About this task — Set out each line from the following listing that includes the word "layers".

Extracted material —
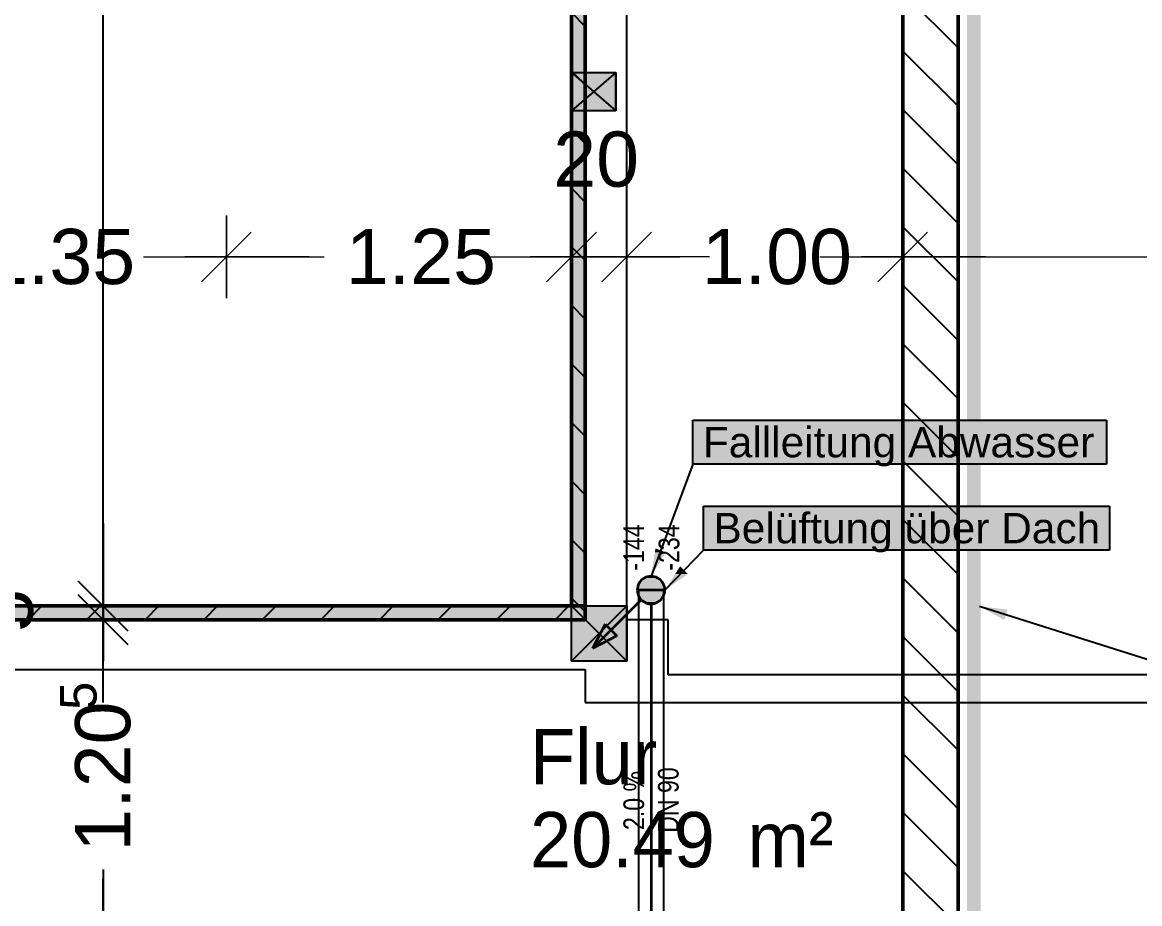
# Model space of a CAD drawing. Extents: x 0 to 756, y -25 to 420.
# Drawn here: x 256.8 to 337.8, y 124.6 to 188.5 of the extents above; entities that cross this region are included whole.
import ezdxf

# ---------------------------------------------------------------- set-up
doc = ezdxf.new("R2010")
doc.units = 0
doc.layers.get('0').update_dxf_attribs({"lineweight": 25})
doc.layers.get('DEFPOINTS').update_dxf_attribs({"lineweight": 25})
for name, color, linetype, lineweight, true_color in [('A_Geschossdecke', 7, 'Continuous', 25, 0x008080), ('H_Heizung', 1, 'Continuous', 25, 0xff0000), ('S_Schmutzwasser', 7, 'Continuous', 35, 0x808040)]:
    doc.layers.add(name, color=color, linetype=linetype, lineweight=lineweight, true_color=true_color)
for name, color, linetype, lineweight in [('A_Innenwand', 7, 'Continuous', 25), ('Standard', 7, 'Continuous', 25), ('WAND_HOLZ_NICHT_TRAGEND', 7, 'Continuous', 13), ('WAND_HOLZ_TRAGEND', 7, 'Continuous', 13), ('X_Text', 7, 'Continuous', 25)]:
    doc.layers.add(name, color=color, linetype=linetype, lineweight=lineweight)
doc.styles.get("Standard").update_dxf_attribs({"font": 'arial.ttf'})

# ---------------------------------------------------------------- blocks, each defined once
blk = doc.blocks.new('Referenz-A0T78P30OY')
at = {"layer": 'DEFPOINTS', "color": 0, "linetype": 'Continuous', "lineweight": 18, "ltscale": 0.18}
for p, q in [((271.607, 171.468), (271.607, 171.468)), ((296.607, 171.468), (296.607, 171.468)), ((300.607, 171.468), (300.607, 171.468)), ((320.607, 171.468), (320.607, 171.468)), ((271.607, 146.178), (271.607, 146.178)), ((271.607, 146.178), (271.607, 146.178)), ((296.607, 146.178), (296.607, 146.178)), ((296.607, 146.178), (296.607, 146.178)), ((300.607, 146.178), (300.607, 146.178)), ((300.607, 146.178), (300.607, 146.178))]:
    blk.add_line(p, q, dxfattribs=at)
at = {"layer": 'DEFPOINTS', "color": 0, "linetype": 'Continuous', "lineweight": -2, "ltscale": 0.25}
for p, q in [((262.674, 146.178), (262.674, 146.178)), ((296.607, 146.178), (296.607, 146.178)), ((296.607, 146.178), (296.607, 146.178)), ((262.674, 145.178), (262.674, 145.178)), ((296.607, 145.178), (296.607, 145.178)), ((296.607, 145.178), (296.607, 145.178))]:
    blk.add_line(p, q, dxfattribs=at)
at = {"layer": 'Standard', "color": 0, "lineweight": -2}
for p, q in [((262.674, 146.178), (262.674, 196.717)), ((296.607, 184.844), (299.807, 184.844)), ((296.607, 182.044), (296.607, 184.844)), ((296.607, 184.844), (299.807, 182.044)), ((299.807, 184.844), (296.607, 182.044)), ((299.807, 184.844), (299.807, 182.044)), ((299.807, 182.044), (299.807, 184.844)), ((299.807, 182.044), (296.607, 182.044)), ((262.674, 152.178), (262.674, 143.178)), ((262.674, 151.178), (262.674, 142.178)), ((262.674, 140.178), (262.674, 149.178)), ((262.674, 139.178), (262.674, 148.178)), ((264.474, 144.378), (260.874, 147.978)), ((260.874, 147.978), (264.474, 144.378)), ((264.474, 143.378), (260.874, 146.978)), ((260.874, 146.978), (264.474, 143.378)), ((265.674, 146.178), (259.674, 146.178)), ((259.674, 146.178), (265.674, 146.178)), ((262.674, 145.178), (262.674, 146.178)), ((296.607, 146.178), (300.607, 146.178)), ((296.607, 142.178), (296.607, 146.178)), ((296.607, 146.178), (300.607, 142.178)), ((300.607, 146.178), (296.607, 142.178)), ((300.607, 146.178), (300.607, 142.178)), ((300.607, 142.178), (300.607, 146.178)), ((265.674, 145.178), (259.674, 145.178)), ((259.674, 145.178), (265.674, 145.178)), ((262.674, 142.378), (262.674, 145.178)), ((300.607, 142.178), (296.607, 142.178)), ((262.674, 127.078), (262.674, 118.078)), ((262.674, 121.078), (262.674, 126.378))]:
    blk.add_line(p, q, dxfattribs=at)
at = {"layer": 'Standard', "color": 0, "lineweight": 18}
for p, q in [((271.607, 168.468), (271.607, 174.468)), ((271.607, 174.468), (271.607, 168.468)), ((296.607, 168.468), (296.607, 174.468)), ((296.607, 174.468), (296.607, 168.468)), ((300.607, 168.468), (300.607, 174.468)), ((300.607, 174.468), (300.607, 168.468)), ((320.607, 168.468), (320.607, 174.468)), ((320.607, 174.468), (320.607, 168.468)), ((269.807, 169.668), (273.407, 173.268)), ((273.407, 173.268), (269.807, 169.668)), ((294.807, 169.668), (298.407, 173.268)), ((298.407, 173.268), (294.807, 169.668)), ((298.807, 169.668), (302.407, 173.268)), ((302.407, 173.268), (298.807, 169.668)), ((318.807, 169.668), (322.407, 173.268)), ((322.407, 173.268), (318.807, 169.668)), ((265.607, 171.468), (274.607, 171.468)), ((265.744, 171.468), (271.607, 171.468)), ((277.607, 171.468), (268.607, 171.468)), ((271.607, 171.468), (278.682, 171.468)), ((290.607, 171.468), (299.607, 171.468)), ((291.882, 171.468), (296.607, 171.468)), ((302.607, 171.468), (293.607, 171.468)), ((294.607, 171.468), (303.607, 171.468)), ((296.607, 171.468), (300.607, 171.468)), ((306.607, 171.468), (297.607, 171.468)), ((300.607, 171.468), (304.449, 171.468)), ((314.607, 171.468), (323.607, 171.468)), ((326.607, 171.468), (317.607, 171.468)), ((317.649, 171.468), (320.607, 171.468)), ((320.607, 171.468), (349.867, 171.468))]:
    blk.add_line(p, q, dxfattribs=at)
at = {"layer": 'Standard', "color": 0, "lineweight": -2}
for points in [[(296.607, 182.044), (299.807, 182.044), (296.607, 184.844)], [(299.807, 182.044), (299.807, 184.844), (296.607, 184.844)], [(296.607, 142.178), (300.607, 142.178), (296.607, 146.178)], [(300.607, 142.178), (300.607, 146.178), (296.607, 146.178)]]:
    blk.add_solid(points, dxfattribs=at)
at = {"layer": 'WAND_HOLZ_NICHT_TRAGEND', "color": 0, "lineweight": 50}
for p, q in [((320.607, 259.578), (320.607, 121.078)), ((324.607, 121.078), (324.607, 259.578)), ((320.607, 121.078), (320.607, 194.678)), ((324.607, 194.678), (324.607, 121.078))]:
    blk.add_line(p, q, dxfattribs=at)
at = {"layer": 'WAND_HOLZ_TRAGEND', "color": 0, "lineweight": 50}
for p, q in [((296.607, 259.578), (296.607, 146.178)), ((296.607, 259.578), (296.607, 146.178)), ((297.607, 146.178), (297.607, 259.578)), ((297.607, 259.578), (297.607, 146.178)), ((297.607, 146.178), (243.607, 146.178)), ((243.607, 146.178), (297.607, 146.178)), ((296.607, 146.178), (297.607, 146.178)), ((296.607, 146.178), (296.607, 146.178)), ((297.607, 146.178), (296.607, 146.178)), ((297.607, 145.178), (297.607, 146.178)), ((297.607, 146.178), (297.607, 145.178)), ((297.607, 146.178), (297.607, 146.178)), ((297.607, 146.178), (297.607, 146.178)), ((243.607, 145.178), (297.607, 145.178)), ((297.607, 145.178), (243.607, 145.178)), ((297.607, 145.178), (297.607, 145.178))]:
    blk.add_line(p, q, dxfattribs=at)
at = {"layer": 'WAND_HOLZ_TRAGEND', "color": 0, "lineweight": 18}
for points in [[(296.607, 146.178), (297.607, 146.178), (296.607, 259.578)], [(297.607, 146.178), (297.607, 259.578), (296.607, 259.578)], [(297.607, 145.178), (243.607, 145.178), (243.607, 146.178)], [(297.607, 145.178), (297.607, 146.178), (243.607, 146.178)], [(297.607, 146.178), (243.607, 146.178), (243.607, 146.178)], [(297.607, 145.178), (297.607, 145.178), (243.607, 145.178)]]:
    blk.add_solid(points, dxfattribs=at)
at = {"layer": 'Standard', "color": 0, "lineweight": 18, "char_height": 4, "attachment_point": 1}
for s, insert in [('{\\fArial;20}', (295.285, 180.556)), ('{\\fArial;1.35}', (254.123, 173.5)), ('{\\fArial;1.25}', (280.261, 173.5)), ('{\\fArial;1.00}', (306.049, 173.5))]:
    blk.add_mtext(s, dxfattribs=dict(at, insert=insert))
at = {"layer": 'Standard', "color": 0, "lineweight": -2, "attachment_point": 1, "rotation": 90}
for s, insert, char_height in [('{\\fArial;5}', (253.586, 144.287), 4), ('{\\fArial;5}', (259.562, 138.636), 2.64), ('{\\fArial;1.20}', (260.642, 128.371), 4)]:
    blk.add_mtext(s, dxfattribs=dict(at, insert=insert, char_height=char_height))
at = {"layer": 'WAND_HOLZ_TRAGEND', "color": 0, "lineweight": -2, "char_height": 4, "attachment_point": 1}
for s, insert in [('{\\fPosterama Text Light;Flur}', (293.606, 137.252)), ('{\\fPosterama Text Light;20.49}', (293.606, 131.241)), ('{\\fPosterama Text Light;m²}', (309.354, 131.241))]:
    blk.add_mtext(s, dxfattribs=dict(at, insert=insert))
blk = doc.blocks.new('Wand-A0T78P4IOY', base_point=(320.607, 121.078))
at = {"color": 0, "linetype": 'ByBlock', "lineweight": -2, "ltscale": 0.25}
for p, q in [((320.607, 259.578), (320.607, 212.378)), ((324.607, 259.578), (324.607, 212.378)), ((320.607, 194.678), (320.607, 121.078)), ((324.607, 194.678), (324.607, 121.078))]:
    blk.add_line(p, q, dxfattribs=at)
at = {"color": 0, "lineweight": -2}
for p, q in [((323.785, 259.578), (324.607, 258.755)), ((320.607, 258.513), (324.607, 254.513)), ((320.607, 254.27), (324.607, 250.27)), ((320.607, 250.027), (324.607, 246.027)), ((320.607, 245.785), (324.607, 241.785)), ((320.607, 241.542), (324.607, 237.542)), ((320.607, 237.299), (324.607, 233.299)), ((320.607, 233.057), (324.607, 229.057)), ((320.607, 228.814), (324.607, 224.814)), ((320.607, 224.571), (324.607, 220.571)), ((320.607, 220.329), (324.607, 216.329)), ((320.607, 216.086), (324.316, 212.378)), ((320.802, 194.678), (324.607, 190.873)), ((320.607, 190.63), (324.607, 186.63)), ((320.607, 186.388), (324.607, 182.388)), ((320.607, 182.145), (324.607, 178.145)), ((320.607, 177.902), (324.607, 173.902)), ((320.607, 173.66), (324.607, 169.66)), ((320.607, 169.417), (324.607, 165.417)), ((320.607, 165.175), (324.607, 161.175)), ((320.607, 160.932), (324.607, 156.932)), ((320.607, 156.689), (324.607, 152.689)), ((320.607, 152.447), (324.607, 148.447)), ((320.607, 148.204), (324.607, 144.204)), ((320.607, 143.961), (324.607, 139.961)), ((320.607, 139.719), (324.607, 135.719)), ((320.607, 135.476), (324.607, 131.476)), ((320.607, 131.233), (324.607, 127.233)), ((320.607, 126.991), (324.607, 122.991)), ((320.607, 122.748), (322.277, 121.078))]:
    blk.add_line(p, q, dxfattribs=at)
blk = doc.blocks.new('Geschossdecke-A0T78P4UOY', base_point=(119.607, 24.521))
at = {"color": 0, "linetype": 'ByBlock', "lineweight": -2, "ltscale": 0.25}
for p, q in [((300.607, 145.178), (300.607, 259.578)), ((303.607, 145.178), (300.607, 145.178)), ((303.607, 141.178), (303.607, 145.178)), ((219.607, 141.578), (297.607, 141.578)), ((297.607, 141.578), (297.607, 139.178)), ((397.607, 141.178), (303.607, 141.178)), ((297.607, 139.178), (397.607, 139.178))]:
    blk.add_line(p, q, dxfattribs=at)
blk = doc.blocks.new('Wand-A0T78P50OY', base_point=(296.607, 145.178))
at = {"color": 0, "linetype": 'ByBlock', "lineweight": -2, "ltscale": 0.25}
for p, q in [((296.607, 259.578), (296.607, 146.178)), ((297.607, 259.578), (297.607, 145.178))]:
    blk.add_line(p, q, dxfattribs=at)
at = {"color": 0, "lineweight": -2}
for p, q in [((296.607, 257.057), (297.607, 256.057)), ((296.607, 252.814), (297.607, 251.814)), ((296.607, 248.571), (297.607, 247.571)), ((296.607, 244.329), (297.607, 243.329)), ((296.607, 240.086), (297.607, 239.086)), ((296.607, 235.844), (297.607, 234.844)), ((296.607, 231.601), (297.607, 230.601)), ((296.607, 227.358), (297.607, 226.358)), ((296.607, 223.116), (297.607, 222.116)), ((296.607, 218.873), (297.607, 217.873)), ((296.607, 214.63), (297.607, 213.63)), ((296.607, 210.388), (297.607, 209.388)), ((296.607, 206.145), (297.607, 205.145)), ((296.607, 201.902), (297.607, 200.902)), ((296.607, 197.66), (297.607, 196.66)), ((296.607, 193.417), (297.607, 192.417)), ((296.607, 189.175), (297.607, 188.175)), ((296.607, 184.932), (297.607, 183.932)), ((296.607, 180.689), (297.607, 179.689)), ((296.607, 176.447), (297.607, 175.447)), ((296.607, 172.204), (297.607, 171.204)), ((296.607, 167.961), (297.607, 166.961)), ((296.607, 163.719), (297.607, 162.719)), ((296.607, 159.476), (297.607, 158.476)), ((296.607, 155.233), (297.607, 154.233)), ((296.607, 150.991), (297.607, 149.991)), ((296.607, 146.748), (297.607, 145.748))]:
    blk.add_line(p, q, dxfattribs=at)
blk = doc.blocks.new('Wand-A0T78P52OY', base_point=(243.607, 145.178))
at = {"color": 0, "linetype": 'ByBlock', "lineweight": -2, "ltscale": 0.25}
for p, q in [((243.607, 146.178), (243.607, 145.178)), ((296.607, 146.178), (243.607, 146.178)), ((297.607, 145.178), (243.607, 145.178))]:
    blk.add_line(p, q, dxfattribs=at)
at = {"color": 0, "lineweight": -2}
for p, q in [((245.507, 146.178), (244.507, 145.178)), ((249.75, 146.178), (248.75, 145.178)), ((253.992, 146.178), (252.992, 145.178)), ((258.235, 146.178), (257.235, 145.178)), ((262.478, 146.178), (261.478, 145.178)), ((266.72, 146.178), (265.72, 145.178)), ((270.963, 146.178), (269.963, 145.178)), ((275.206, 146.178), (274.206, 145.178)), ((279.448, 146.178), (278.448, 145.178)), ((283.691, 146.178), (282.691, 145.178)), ((287.933, 146.178), (286.933, 145.178)), ((292.176, 146.178), (291.176, 145.178)), ((296.419, 146.178), (295.419, 145.178))]:
    blk.add_line(p, q, dxfattribs=at)
blk = doc.blocks.new('Polylinie-A0T78PBMOY', base_point=(325.25, 121.444))
at = {"color": 0, "linetype": 'ByBlock', "lineweight": -2, "ltscale": 0.25}
for points in [[(326.25, 122.444), (325.25, 122.444), (326.25, 194.105)], [(325.25, 122.444), (326.25, 194.105), (325.25, 194.105)], [(325.25, 121.444), (326.25, 122.444), (325.25, 122.444)], [(325.25, 121.444), (391.057, 121.444), (326.25, 122.444)], [(391.057, 121.444), (326.25, 122.444), (391.057, 122.444)]]:
    blk.add_solid(points, dxfattribs=at)
blk = doc.blocks.new('Bauteilbeschriftung-A0T78PBYOY', base_point=(326.168, 138.221))
at = {"color": 0, "linetype": 'ByBlock', "lineweight": -2, "ltscale": 0.25}
blk.add_line((341.029, 141.421), (326.168, 146.144), dxfattribs=at)
at = {"color": 0, "lineweight": -2}
for p, q in [((341.029, 141.421), (361.41, 141.421)), ((341.029, 138.221), (341.029, 141.421)), ((361.41, 141.421), (361.41, 138.221)), ((361.41, 138.221), (341.029, 138.221))]:
    blk.add_line(p, q, dxfattribs=at)
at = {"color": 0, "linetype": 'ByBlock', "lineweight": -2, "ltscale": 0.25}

Answer to this task —
doc.layers.get('0').update_dxf_attribs({"lineweight": 25})
doc.layers.get('DEFPOINTS').update_dxf_attribs({"lineweight": 25})
    doc.layers.add(name, color=color, linetype=linetype, lineweight=lineweight, true_color=true_color)
    doc.layers.add(name, color=color, linetype=linetype, lineweight=lineweight)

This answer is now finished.